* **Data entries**
◇ ◇ ◇

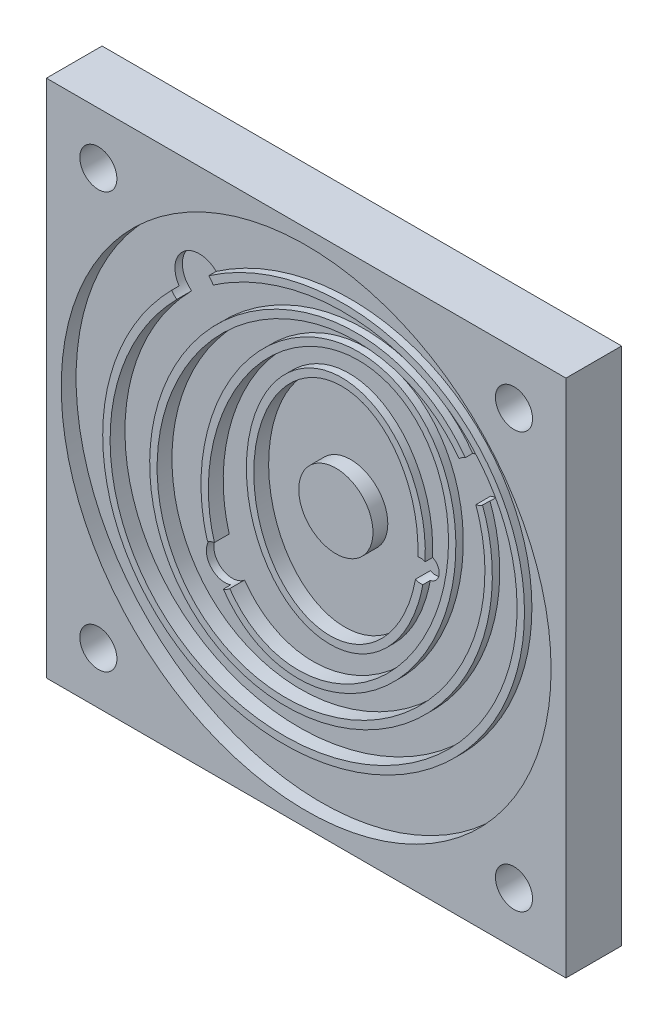
from build123d import *

# Parameters (mm, degrees)
BOSS_EXTRUDE1_DEPTH      = 8.89
BOSS_EXTRUDE1_DEPTH_BACK = 0.635
SKETCH1_W                = 88.9
SKETCH1_H                = 88.9
SKETCH5_RX               = 38.1
SKETCH5_RY               = 33.02
SKETCH5_RX_2             = 36.83
SKETCH5_RY_2             = 31.75
BOSS_EXTRUDE4_DEPTH      = 9.525
SKETCH18_R               = 3.175
CUT_EXTRUDE6_DEPTH       = 5.08
SKETCH41_R               = 41.91
CUT_EXTRUDE7_DEPTH       = 2.54
CUT_EXTRUDE8_DEPTH       = 3.81
CUT_EXTRUDE9_DEPTH       = 5.08
CUT_EXTRUDE10_DEPTH      = 6.35
SKETCH45_R               = 6.35
CUT_EXTRUDE11_DEPTH      = 7.62
SKETCH46_R               = 4.167251
CUT_EXTRUDE12_DEPTH      = 3.81
SKETCH47_R               = 3.175
CUT_EXTRUDE13_DEPTH      = 5.08
SKETCH49_R               = 3.175
CUT_EXTRUDE14_DEPTH      = 6.35
SKETCH50_R               = 1.89865
CUT_EXTRUDE15_DEPTH      = 7.62
SKETCH51_RX              = 38.1
SKETCH51_RY              = 33.02
CUT_EXTRUDE16_DEPTH      = 1.27
SKETCH52_RX              = 33.02
SKETCH52_RY              = 26.67
CUT_EXTRUDE19_DEPTH      = 2.54
SKETCH53_RX              = 27.94
SKETCH53_RY              = 20.32
CUT_EXTRUDE20_DEPTH      = 3.81
SKETCH54_RX              = 20.32
SKETCH54_RY              = 15.24
CUT_EXTRUDE21_DEPTH      = 5.08


with BuildPart() as part:
    # Sketch1 → Boss-Extrude1 (new, two sides: drawn at the far end of the back side and taken through both)
    with BuildSketch(Plane.XY.offset(-BOSS_EXTRUDE1_DEPTH_BACK)):
        Rectangle(SKETCH1_W, SKETCH1_H)
    extrude(amount=BOSS_EXTRUDE1_DEPTH + BOSS_EXTRUDE1_DEPTH_BACK)

    # Sketch5 → Boss-Extrude4 (add)
    with BuildSketch(Plane(origin=(0, 0, -0.635), x_dir=(-1, 0, 0), z_dir=(0, 0, -1))):
        with Locations(Location((0, 0), (0, 0, 139.970219615))):
            Ellipse(SKETCH5_RX, SKETCH5_RY)
        with Locations(Location((0, 0), (0, 0, -40.029780385))):
            Ellipse(SKETCH5_RX_2, SKETCH5_RY_2, mode=Mode.SUBTRACT)
    extrude(amount=-BOSS_EXTRUDE4_DEPTH)

    # Sketch18 → Cut-Extrude6 (cut)
    with BuildSketch(Plane.XY.offset(8.89)):
        with Locations((-35.56, -35.56)):
            Circle(SKETCH18_R)
        with Locations(Location((35.56, -35.56, 0), (0, 0, 180))):
            Circle(SKETCH18_R)
        with Locations((35.56, 35.56)):
            Circle(SKETCH18_R)
        with Locations(Location((-35.56, 35.56, 0), (0, 0, 180))):
            Circle(SKETCH18_R)
    extrude(amount=-CUT_EXTRUDE6_DEPTH, mode=Mode.SUBTRACT)

    # Sketch41 → Cut-Extrude7 (cut)
    with BuildSketch(Plane.XY.offset(8.89)):
        Circle(SKETCH41_R)
        with BuildLine():
            ThreePointArc((-17.934517351, 27.802131364), (-23.505532411, 27.992087871), (-24.281443344, 22.472101051))
            add(Edge.make_bspline(
                [(-24.281443344, 22.472101051), (-66.865704154, -20.771192371), (-13.443209362, -34.190904112), (39.97928543, -47.610615853), (35.998937704, 7.329690716), (32.018589977, 62.269997284), (-17.934517351, 27.802131364)],
                knots=[4.821234116, 4.821234116, 4.821234116, 6.842973618, 6.842973618, 8.86471312, 8.86471312, 10.886452622, 10.886452622, 10.886452622], degree=2, weights=[1, 0.531123987, 1, 0.531123987, 1, 0.531123987, 1]))
        make_face(mode=Mode.SUBTRACT)
    extrude(amount=-CUT_EXTRUDE7_DEPTH, mode=Mode.SUBTRACT)

    # Sketch42 → Cut-Extrude8 (cut)
    with BuildSketch(Plane.XY.offset(8.89)):
        with BuildLine():
            ThreePointArc((-23.418508607, 21.538529708), (-18.145664536, 21.609632235), (-17.164167238, 26.790810018))
            add(Edge.make_bspline(
                [(-23.418508607, 21.538529708), (-64.458466127, -20.248126473), (-13.030120003, -32.988017824), (38.398226121, -45.727909174), (34.742747797, 7.130753779), (31.087269473, 59.989416731), (-17.164167238, 26.790810018)],
                knots=[4.823355586, 4.823355586, 4.823355586, 6.843680344, 6.843680344, 8.864005103, 8.864005103, 10.884329861, 10.884329861, 10.884329861], degree=2, weights=[1, 0.531723207, 1, 0.531723207, 1, 0.531723207, 1]))
        make_face()
        with BuildLine():
            ThreePointArc((27.643948392, 15.949894531), (28.597022277, 20.019120131), (24.691663207, 21.507447158))
            add(Edge.make_bspline(
                [(24.691663207, 21.507447158), (-0.409183889, 56.288763332), (-24.923990866, 10.452356227), (-49.438797844, -35.384050878), (-3.146518506, -30.542819085), (43.145760832, -25.701587291), (27.643948392, 15.949894531)],
                knots=[6.063056352, 6.063056352, 6.063056352, 8.080802501, 8.080802501, 10.09854865, 10.09854865, 12.1162948, 12.1162948, 12.1162948], degree=2, weights=[1, 0.5328147, 1, 0.5328147, 1, 0.5328147, 1]))
        make_face(mode=Mode.SUBTRACT)
    extrude(amount=-CUT_EXTRUDE8_DEPTH, mode=Mode.SUBTRACT)

    # Sketch43 → Cut-Extrude9 (cut)
    with BuildSketch(Plane.XY.offset(8.89)):
        with BuildLine():
            ThreePointArc((23.608517897, 20.833580161), (22.989361941, 17.039750166), (26.480007568, 15.429814379))
            add(Edge.make_bspline(
                [(23.608517897, 20.833580161), (-0.393903695, 53.813605079), (-23.832711178, 9.794842107), (-47.271518662, -34.223920865), (-3.072232891, -29.27364674), (41.127052879, -24.323372615), (26.480007568, 15.429814379)],
                knots=[2.925642489, 2.925642489, 2.925642489, 4.941864869, 4.941864869, 6.958087248, 6.958087248, 8.974309627, 8.974309627, 8.974309627], degree=2, weights=[1, 0.533459276, 1, 0.533459276, 1, 0.533459276, 1]))
        make_face()
        with BuildLine():
            ThreePointArc((-20.685153013, -14.252817534), (-21.857242594, -18.29585271), (-17.985886025, -19.948888021))
            add(Edge.make_bspline(
                [(-17.985886025, -19.948888021), (1.246366259, -47.855965667), (18.711961294, -7.929781595), (36.177556329, 31.996402477), (2.363407813, 26.569404077), (-31.450740703, 21.142405677), (-20.685153013, -14.252817534)],
                knots=[5.870354275, 5.870354275, 5.870354275, 7.871783834, 7.871783834, 9.873213393, 9.873213393, 11.874642952, 11.874642952, 11.874642952], degree=2, weights=[1, 0.539700702, 1, 0.539700702, 1, 0.539700702, 1]))
        make_face(mode=Mode.SUBTRACT)
    extrude(amount=-CUT_EXTRUDE9_DEPTH, mode=Mode.SUBTRACT)

    # Sketch44 → Cut-Extrude10 (cut)
    with BuildSketch(Plane.XY.offset(8.89)):
        with BuildLine():
            ThreePointArc((-16.890214155, -19.319389053), (-16.120530718, -15.573239404), (-19.511416305, -13.804639755))
            add(Edge.make_bspline(
                [(-16.890214155, -19.319389053), (1.30940415, -45.285437384), (17.656199499, -7.172035557), (34.002994848, 30.94136627), (2.235134814, 25.272354759), (-29.532725219, 19.603343249), (-19.511416305, -13.804639755)],
                knots=[5.883428871, 5.883428871, 5.883428871, 7.882181502, 7.882181502, 9.880934133, 9.880934133, 11.879686763, 11.879686763, 11.879686763], degree=2, weights=[1, 0.540827013, 1, 0.540827013, 1, 0.540827013, 1]))
        make_face()
        with BuildLine():
            ThreePointArc((14.883705367, -3.487933181), (16.40110548, -1.836900203), (15.286546447, 0.108908411))
            add(Edge.make_bspline(
                [(15.286546447, 0.108908411), (16.749853113, 32.916009757), (-6.034948014, 18.071890086), (-28.81974914, 3.227770415), (-9.883325669, -16.289066349), (9.053097802, -35.805903114), (14.883705367, -3.487933181)],
                knots=[1.659972794, 1.659972794, 1.659972794, 3.694916918, 3.694916918, 5.729861042, 5.729861042, 7.764805166, 7.764805166, 7.764805166], degree=2, weights=[1, 0.525518353, 1, 0.525518353, 1, 0.525518353, 1]))
        make_face(mode=Mode.SUBTRACT)
    extrude(amount=-CUT_EXTRUDE10_DEPTH, mode=Mode.SUBTRACT)

    # Sketch45 → Cut-Extrude11 (cut)
    with BuildSketch(Plane.XY.offset(8.89)):
        with BuildLine():
            ThreePointArc((14.020008766, 0.20761712), (12.627399794, -1.414250599), (13.626711584, -3.304009999))
            add(Edge.make_bspline(
                [(14.020008766, 0.20761712), (15.349662677, 30.873444464), (-5.50789457, 16.913168556), (-26.365451818, 2.952892648), (-9.112995896, -15.275649872), (8.139460026, -33.504192392), (13.626711584, -3.304009999)],
                knots=[1.66367476, 1.66367476, 1.66367476, 3.696150907, 3.696150907, 5.728627054, 5.728627054, 7.761103201, 7.761103201, 7.761103201], degree=2, weights=[1, 0.526567808, 1, 0.526567808, 1, 0.526567808, 1]))
        make_face()
        Circle(SKETCH45_R, mode=Mode.SUBTRACT)
    extrude(amount=-CUT_EXTRUDE11_DEPTH, mode=Mode.SUBTRACT)

    # Sketch46 → Cut-Extrude12 (cut)
    with BuildSketch(Plane.XY.offset(8.89)):
        with Locations((-20.825598599, 24.800859947)):
            Circle(SKETCH46_R)
    extrude(amount=-CUT_EXTRUDE12_DEPTH, mode=Mode.SUBTRACT)

    # Sketch47 → Cut-Extrude13 (cut)
    with BuildSketch(Plane.XY.offset(8.89)):
        with Locations((25.793095452, 18.529617074)):
            Circle(SKETCH47_R)
    extrude(amount=-CUT_EXTRUDE13_DEPTH, mode=Mode.SUBTRACT)

    # Sketch49 → Cut-Extrude14 (cut)
    with BuildSketch(Plane.XY.offset(8.89)):
        with Locations((-18.988094875, -16.936214388)):
            Circle(SKETCH49_R)
    extrude(amount=-CUT_EXTRUDE14_DEPTH, mode=Mode.SUBTRACT)

    # Sketch50 → Cut-Extrude15 (cut)
    with BuildSketch(Plane.XY.offset(8.89)):
        with Locations((14.514252637, -1.625575401)):
            Circle(SKETCH50_R)
    extrude(amount=-CUT_EXTRUDE15_DEPTH, mode=Mode.SUBTRACT)

    # Sketch51 → Cut-Extrude16 (cut)
    with BuildSketch(Plane.XY.offset(8.89)):
        with Locations(Location((0, 0), (0, 0, -139.970219615))):
            Ellipse(SKETCH51_RX, SKETCH51_RY)
    extrude(amount=-CUT_EXTRUDE16_DEPTH, mode=Mode.SUBTRACT)

    # Sketch52 → Cut-Extrude19 (cut)
    with BuildSketch(Plane.XY.offset(8.89)):
        with Locations(Location((0, 0), (0, 0, -128.698597153))):
            Ellipse(SKETCH52_RX, SKETCH52_RY)
    extrude(amount=-CUT_EXTRUDE19_DEPTH, mode=Mode.SUBTRACT)

    # Sketch53 → Cut-Extrude20 (cut)
    with BuildSketch(Plane.XY.offset(8.89)):
        with Locations(Location((0, 0), (0, 0, -114.368684081))):
            Ellipse(SKETCH53_RX, SKETCH53_RY)
    extrude(amount=-CUT_EXTRUDE20_DEPTH, mode=Mode.SUBTRACT)

    # Sketch54 → Cut-Extrude21 (cut)
    with BuildSketch(Plane.XY.offset(8.89)):
        with Locations(Location((0, 0), (0, 0, -96.390413854))):
            Ellipse(SKETCH54_RX, SKETCH54_RY)
    extrude(amount=-CUT_EXTRUDE21_DEPTH, mode=Mode.SUBTRACT)


solid = part.part

◇ ◇ ◇

* **Aim of the task**
Give back exactly the lines from the line containing "extrude(amount=-CUT_EXTRUDE20_DEPTH, mode=Mode.SUBTRACT)" to the end of the entries, and no other lines.

* **Answer area**
    extrude(amount=-CUT_EXTRUDE20_DEPTH, mode=Mode.SUBTRACT)

    # Sketch54 → Cut-Extrude21 (cut)
    with BuildSketch(Plane.XY.offset(8.89)):
        with Locations(Location((0, 0), (0, 0, -96.390413854))):
            Ellipse(SKETCH54_RX, SKETCH54_RY)
    extrude(amount=-CUT_EXTRUDE21_DEPTH, mode=Mode.SUBTRACT)


solid = part.part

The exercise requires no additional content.